Hester y el médico se recordaban a sí mismos que debían ser pacientes en el caso más serio de Adeline, al tiempo que se felicitaban por los progresos de Emmeline. Anotaban animados el aumento de su apetito, su buena disposición a sentarse recta, los primeros pasos que había dado por sí misma. Emmeline no tardó en pasearse de nuevo por la casa y el jardín sin abandonar del todo su aire errabundo. Oh, sí, coincidían Hester y el doctor, ¡el experimento realmente empezaba a dar resultados! Es difícil decir si en algún momento se pararon a pensar que lo que ellos llamaban «progresos» no era más que el regreso de Emmeline a los hábitos que ya mostraba antes de que comenzara el experimento.
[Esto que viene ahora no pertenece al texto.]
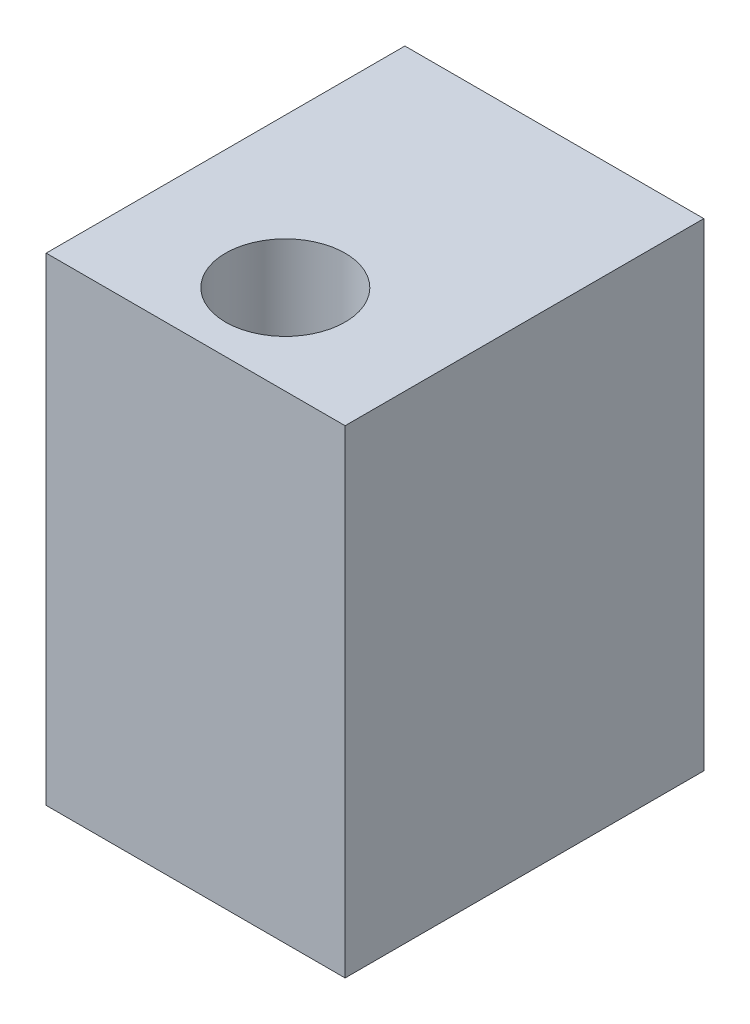
ISO-10303-21;
HEADER;
FILE_DESCRIPTION(('STEP AP214'),'2;1');
FILE_NAME('part.step','',(''),(''),'','','');
FILE_SCHEMA(('AUTOMOTIVE_DESIGN { 1 0 10303 214 1 1 1 1 }'));
ENDSEC;
DATA;
#1=APPLICATION_CONTEXT('core data for automotive mechanical design processes');
#2=APPLICATION_PROTOCOL_DEFINITION('international standard','automotive_design',2000,#1);
#3=PRODUCT_CONTEXT('',#1,'mechanical');
#4=PRODUCT('Part','Part','',(#3));
#5=PRODUCT_RELATED_PRODUCT_CATEGORY('part','',(#4));
#6=PRODUCT_DEFINITION_FORMATION('','',#4);
#7=PRODUCT_DEFINITION_CONTEXT('part definition',#1,'design');
#8=PRODUCT_DEFINITION('design','',#6,#7);
#9=PRODUCT_DEFINITION_SHAPE('','',#8);
#10=(LENGTH_UNIT() NAMED_UNIT(*) SI_UNIT(.MILLI.,.METRE.));
#11=(NAMED_UNIT(*) PLANE_ANGLE_UNIT() SI_UNIT($,.RADIAN.));
#12=(NAMED_UNIT(*) SI_UNIT($,.STERADIAN.) SOLID_ANGLE_UNIT());
#13=UNCERTAINTY_MEASURE_WITH_UNIT(LENGTH_MEASURE(1.E-05),#10,'distance_accuracy_value','');
#14=(GEOMETRIC_REPRESENTATION_CONTEXT(3) GLOBAL_UNCERTAINTY_ASSIGNED_CONTEXT((#13)) GLOBAL_UNIT_ASSIGNED_CONTEXT((#10,
#11,#12)) REPRESENTATION_CONTEXT('',''));
#15=CARTESIAN_POINT('',(0.,0.,0.));
#16=DIRECTION('',(0.,0.,1.));
#17=DIRECTION('',(1.,0.,0.));
#18=AXIS2_PLACEMENT_3D('',#15,#16,#17);
#19=CARTESIAN_POINT('',(0.,0.,3.));
#20=DIRECTION('',(0.,1.,0.));
#21=DIRECTION('',(0.,0.,1.));
#22=AXIS2_PLACEMENT_3D('',#19,#20,#21);
#23=CYLINDRICAL_SURFACE('',#22,1.5);
#24=CARTESIAN_POINT('',(0.,0.,3.));
#25=DIRECTION('',(0.,1.,0.));
#26=DIRECTION('',(0.,0.,1.));
#27=AXIS2_PLACEMENT_3D('',#24,#25,#26);
#28=CIRCLE('',#27,1.5);
#29=CARTESIAN_POINT('',(0.,0.,4.5));
#30=VERTEX_POINT('',#29);
#31=EDGE_CURVE('E117',#30,#30,#28,.T.);
#32=ORIENTED_EDGE('',*,*,#31,.F.);
#33=EDGE_LOOP('',(#32));
#34=FACE_BOUND('',#33,.T.);
#35=CARTESIAN_POINT('',(0.,8.,3.));
#36=DIRECTION('',(0.,1.,0.));
#37=DIRECTION('',(0.,0.,1.));
#38=AXIS2_PLACEMENT_3D('',#35,#36,#37);
#39=CIRCLE('',#38,1.5);
#40=CARTESIAN_POINT('',(0.,8.,4.5));
#41=VERTEX_POINT('',#40);
#42=EDGE_CURVE('E47',#41,#41,#39,.F.);
#43=ORIENTED_EDGE('',*,*,#42,.F.);
#44=EDGE_LOOP('',(#43));
#45=FACE_BOUND('',#44,.T.);
#46=ADVANCED_FACE('F43',(#34,#45),#23,.F.);
#47=CARTESIAN_POINT('',(-5.,16.,6.));
#48=DIRECTION('',(0.,0.,-1.));
#49=DIRECTION('',(-1.,0.,0.));
#50=AXIS2_PLACEMENT_3D('',#47,#48,#49);
#51=PLANE('',#50);
#52=DIRECTION('',(1.,0.,0.));
#53=VECTOR('',#52,1.);
#54=CARTESIAN_POINT('',(-5.,0.,6.));
#55=LINE('',#54,#53);
#56=CARTESIAN_POINT('',(-5.,0.,6.));
#57=VERTEX_POINT('',#56);
#58=CARTESIAN_POINT('',(5.,0.,6.));
#59=VERTEX_POINT('',#58);
#60=EDGE_CURVE('E114',#57,#59,#55,.T.);
#61=ORIENTED_EDGE('',*,*,#60,.T.);
#62=DIRECTION('',(0.,-1.,0.));
#63=VECTOR('',#62,1.);
#64=CARTESIAN_POINT('',(5.,16.,6.));
#65=LINE('',#64,#63);
#66=CARTESIAN_POINT('',(5.,16.,6.));
#67=VERTEX_POINT('',#66);
#68=EDGE_CURVE('E11',#67,#59,#65,.T.);
#69=ORIENTED_EDGE('',*,*,#68,.F.);
#70=DIRECTION('',(1.,0.,0.));
#71=VECTOR('',#70,1.);
#72=CARTESIAN_POINT('',(-5.,16.,6.));
#73=LINE('',#72,#71);
#74=CARTESIAN_POINT('',(-5.,16.,6.));
#75=VERTEX_POINT('',#74);
#76=EDGE_CURVE('E95',#75,#67,#73,.T.);
#77=ORIENTED_EDGE('',*,*,#76,.F.);
#78=DIRECTION('',(0.,-1.,0.));
#79=VECTOR('',#78,1.);
#80=CARTESIAN_POINT('',(-5.,16.,6.));
#81=LINE('',#80,#79);
#82=EDGE_CURVE('E62',#75,#57,#81,.T.);
#83=ORIENTED_EDGE('',*,*,#82,.T.);
#84=EDGE_LOOP('',(#61,#69,#77,#83));
#85=FACE_BOUND('',#84,.T.);
#86=ADVANCED_FACE('F45',(#85),#51,.F.);
#87=CARTESIAN_POINT('',(5.,16.,6.));
#88=DIRECTION('',(-1.,0.,0.));
#89=DIRECTION('',(0.,0.,1.));
#90=AXIS2_PLACEMENT_3D('',#87,#88,#89);
#91=PLANE('',#90);
#92=DIRECTION('',(0.,0.,-1.));
#93=VECTOR('',#92,1.);
#94=CARTESIAN_POINT('',(5.,0.,6.));
#95=LINE('',#94,#93);
#96=CARTESIAN_POINT('',(5.,0.,-6.));
#97=VERTEX_POINT('',#96);
#98=EDGE_CURVE('E101',#59,#97,#95,.T.);
#99=ORIENTED_EDGE('',*,*,#98,.T.);
#100=DIRECTION('',(0.,-1.,0.));
#101=VECTOR('',#100,1.);
#102=CARTESIAN_POINT('',(5.,16.,-6.));
#103=LINE('',#102,#101);
#104=CARTESIAN_POINT('',(5.,16.,-6.));
#105=VERTEX_POINT('',#104);
#106=EDGE_CURVE('E54',#105,#97,#103,.T.);
#107=ORIENTED_EDGE('',*,*,#106,.F.);
#108=DIRECTION('',(0.,0.,-1.));
#109=VECTOR('',#108,1.);
#110=CARTESIAN_POINT('',(5.,16.,6.));
#111=LINE('',#110,#109);
#112=EDGE_CURVE('E87',#67,#105,#111,.T.);
#113=ORIENTED_EDGE('',*,*,#112,.F.);
#114=ORIENTED_EDGE('',*,*,#68,.T.);
#115=EDGE_LOOP('',(#99,#107,#113,#114));
#116=FACE_BOUND('',#115,.T.);
#117=ADVANCED_FACE('F100',(#116),#91,.F.);
#118=CARTESIAN_POINT('',(-5.,16.,-6.));
#119=DIRECTION('',(0.,0.,-1.));
#120=DIRECTION('',(-1.,0.,0.));
#121=AXIS2_PLACEMENT_3D('',#118,#119,#120);
#122=PLANE('',#121);
#123=DIRECTION('',(1.,0.,0.));
#124=VECTOR('',#123,1.);
#125=CARTESIAN_POINT('',(-5.,0.,-6.));
#126=LINE('',#125,#124);
#127=CARTESIAN_POINT('',(-5.,0.,-6.));
#128=VERTEX_POINT('',#127);
#129=EDGE_CURVE('E120',#128,#97,#126,.T.);
#130=ORIENTED_EDGE('',*,*,#129,.F.);
#131=DIRECTION('',(0.,-1.,0.));
#132=VECTOR('',#131,1.);
#133=CARTESIAN_POINT('',(-5.,16.,-6.));
#134=LINE('',#133,#132);
#135=CARTESIAN_POINT('',(-5.,16.,-6.));
#136=VERTEX_POINT('',#135);
#137=EDGE_CURVE('E76',#136,#128,#134,.T.);
#138=ORIENTED_EDGE('',*,*,#137,.F.);
#139=DIRECTION('',(1.,0.,0.));
#140=VECTOR('',#139,1.);
#141=CARTESIAN_POINT('',(-5.,16.,-6.));
#142=LINE('',#141,#140);
#143=EDGE_CURVE('E94',#136,#105,#142,.T.);
#144=ORIENTED_EDGE('',*,*,#143,.T.);
#145=ORIENTED_EDGE('',*,*,#106,.T.);
#146=EDGE_LOOP('',(#130,#138,#144,#145));
#147=FACE_BOUND('',#146,.T.);
#148=ADVANCED_FACE('F106',(#147),#122,.T.);
#149=CARTESIAN_POINT('',(-5.,16.,6.));
#150=DIRECTION('',(-1.,0.,0.));
#151=DIRECTION('',(0.,0.,1.));
#152=AXIS2_PLACEMENT_3D('',#149,#150,#151);
#153=PLANE('',#152);
#154=DIRECTION('',(0.,0.,-1.));
#155=VECTOR('',#154,1.);
#156=CARTESIAN_POINT('',(-5.,0.,6.));
#157=LINE('',#156,#155);
#158=EDGE_CURVE('E123',#57,#128,#157,.T.);
#159=ORIENTED_EDGE('',*,*,#158,.F.);
#160=ORIENTED_EDGE('',*,*,#82,.F.);
#161=DIRECTION('',(0.,0.,-1.));
#162=VECTOR('',#161,1.);
#163=CARTESIAN_POINT('',(-5.,16.,6.));
#164=LINE('',#163,#162);
#165=EDGE_CURVE('E108',#75,#136,#164,.T.);
#166=ORIENTED_EDGE('',*,*,#165,.T.);
#167=ORIENTED_EDGE('',*,*,#137,.T.);
#168=EDGE_LOOP('',(#159,#160,#166,#167));
#169=FACE_BOUND('',#168,.T.);
#170=ADVANCED_FACE('F165',(#169),#153,.T.);
#171=CARTESIAN_POINT('',(0.,16.,0.));
#172=DIRECTION('',(0.,1.,0.));
#173=DIRECTION('',(0.,0.,1.));
#174=AXIS2_PLACEMENT_3D('',#171,#172,#173);
#175=PLANE('',#174);
#176=CARTESIAN_POINT('',(0.,16.,3.));
#177=DIRECTION('',(0.,1.,0.));
#178=DIRECTION('',(0.,0.,1.));
#179=AXIS2_PLACEMENT_3D('',#176,#177,#178);
#180=CIRCLE('',#179,2.);
#181=CARTESIAN_POINT('',(0.,16.,5.));
#182=VERTEX_POINT('',#181);
#183=EDGE_CURVE('E136',#182,#182,#180,.T.);
#184=ORIENTED_EDGE('',*,*,#183,.F.);
#185=EDGE_LOOP('',(#184));
#186=FACE_BOUND('',#185,.T.);
#187=ORIENTED_EDGE('',*,*,#76,.T.);
#188=ORIENTED_EDGE('',*,*,#112,.T.);
#189=ORIENTED_EDGE('',*,*,#143,.F.);
#190=ORIENTED_EDGE('',*,*,#165,.F.);
#191=EDGE_LOOP('',(#187,#188,#189,#190));
#192=FACE_BOUND('',#191,.T.);
#193=ADVANCED_FACE('F91',(#186,#192),#175,.T.);
#194=CARTESIAN_POINT('',(0.,0.,0.));
#195=DIRECTION('',(0.,1.,0.));
#196=DIRECTION('',(0.,0.,1.));
#197=AXIS2_PLACEMENT_3D('',#194,#195,#196);
#198=PLANE('',#197);
#199=ORIENTED_EDGE('',*,*,#31,.T.);
#200=EDGE_LOOP('',(#199));
#201=FACE_BOUND('',#200,.T.);
#202=ORIENTED_EDGE('',*,*,#60,.F.);
#203=ORIENTED_EDGE('',*,*,#158,.T.);
#204=ORIENTED_EDGE('',*,*,#129,.T.);
#205=ORIENTED_EDGE('',*,*,#98,.F.);
#206=EDGE_LOOP('',(#202,#203,#204,#205));
#207=FACE_BOUND('',#206,.T.);
#208=ADVANCED_FACE('F164',(#201,#207),#198,.F.);
#209=CARTESIAN_POINT('',(0.,8.,3.));
#210=DIRECTION('',(0.,1.,0.));
#211=DIRECTION('',(0.,0.,1.));
#212=AXIS2_PLACEMENT_3D('',#209,#210,#211);
#213=PLANE('',#212);
#214=CARTESIAN_POINT('',(0.,8.,3.));
#215=DIRECTION('',(0.,1.,0.));
#216=DIRECTION('',(0.,0.,1.));
#217=AXIS2_PLACEMENT_3D('',#214,#215,#216);
#218=CIRCLE('',#217,2.);
#219=CARTESIAN_POINT('',(0.,8.,5.));
#220=VERTEX_POINT('',#219);
#221=EDGE_CURVE('E140',#220,#220,#218,.T.);
#222=ORIENTED_EDGE('',*,*,#221,.T.);
#223=EDGE_LOOP('',(#222));
#224=FACE_BOUND('',#223,.T.);
#225=ORIENTED_EDGE('',*,*,#42,.T.);
#226=EDGE_LOOP('',(#225));
#227=FACE_BOUND('',#226,.T.);
#228=ADVANCED_FACE('F149',(#224,#227),#213,.T.);
#229=CARTESIAN_POINT('',(0.,8.,3.));
#230=DIRECTION('',(0.,1.,0.));
#231=DIRECTION('',(0.,0.,1.));
#232=AXIS2_PLACEMENT_3D('',#229,#230,#231);
#233=CYLINDRICAL_SURFACE('',#232,2.);
#234=ORIENTED_EDGE('',*,*,#221,.F.);
#235=EDGE_LOOP('',(#234));
#236=FACE_BOUND('',#235,.T.);
#237=ORIENTED_EDGE('',*,*,#183,.T.);
#238=EDGE_LOOP('',(#237));
#239=FACE_BOUND('',#238,.T.);
#240=ADVANCED_FACE('F160',(#236,#239),#233,.F.);
#241=CLOSED_SHELL('',(#46,#86,#117,#148,#170,#193,#208,#228,#240));
#242=MANIFOLD_SOLID_BREP('B2',#241);
#243=ADVANCED_BREP_SHAPE_REPRESENTATION('',(#18,#242),#14);
#244=SHAPE_DEFINITION_REPRESENTATION(#9,#243);
ENDSEC;
END-ISO-10303-21;

No todo era coser y cantar con Emmeline. Hubo un terrible día en que su olfato la llevó hasta el armario donde estaban guardados los andrajos que su hermana solía ponerse. Se los llevó a la cara, aspiró su olor rancio animal, y, feliz, se los puso. Era una situación delicada, pero lo peor estaba por venir. Así vestida, se vio en un espejo y, confundiendo su reflejo con su hermana, echó a correr hacia él. El topetazo fue lo bastante estrepitoso para que el ama llegara corriendo. La mujer encontró a Emmeline junto al espejo, llorando no por su dolor, sino por su pobre hermana, que se había roto en varios pedazos y estaba sangrando.
Hester le quitó los harapos y ordenó a John que los quemara. Como medida de precaución, le pidió al ama que girara todos los espejos hacia la pared. Emmeline estaba perpleja, pero no volvieron a producirse incidentes de esa índole.
Emmeline no hablaba. Pese a sus cuchicheos en solitario, puertas adentro, siempre en el antiguo lenguaje de las gemelas, era imposible inducirla a pronunciar una sola palabra en inglés delante del ama o de Hester. Era un asunto controvertido. Hester y el médico tuvieron una larga charla en la biblioteca y llegaron a la conclusión de que no había de qué preocuparse. Emmeline podía hablar, así que con el tiempo lo haría. Su negativa a hablar y el incidente con el espejo eran decepciones, desde luego, pero la ciencia funcionaba así. ¡Y había que ver los progresos! ¿Acaso Emmeline no estaba ya lo bastante fuerte para permitirle salir? Además, últimamente pasaba menos tiempo en el borde de la carretera merodeando frente a la línea invisible que no osaba traspasar, mirando en dirección a la casa del médico. Las cosas no estaban yendo del todo mal.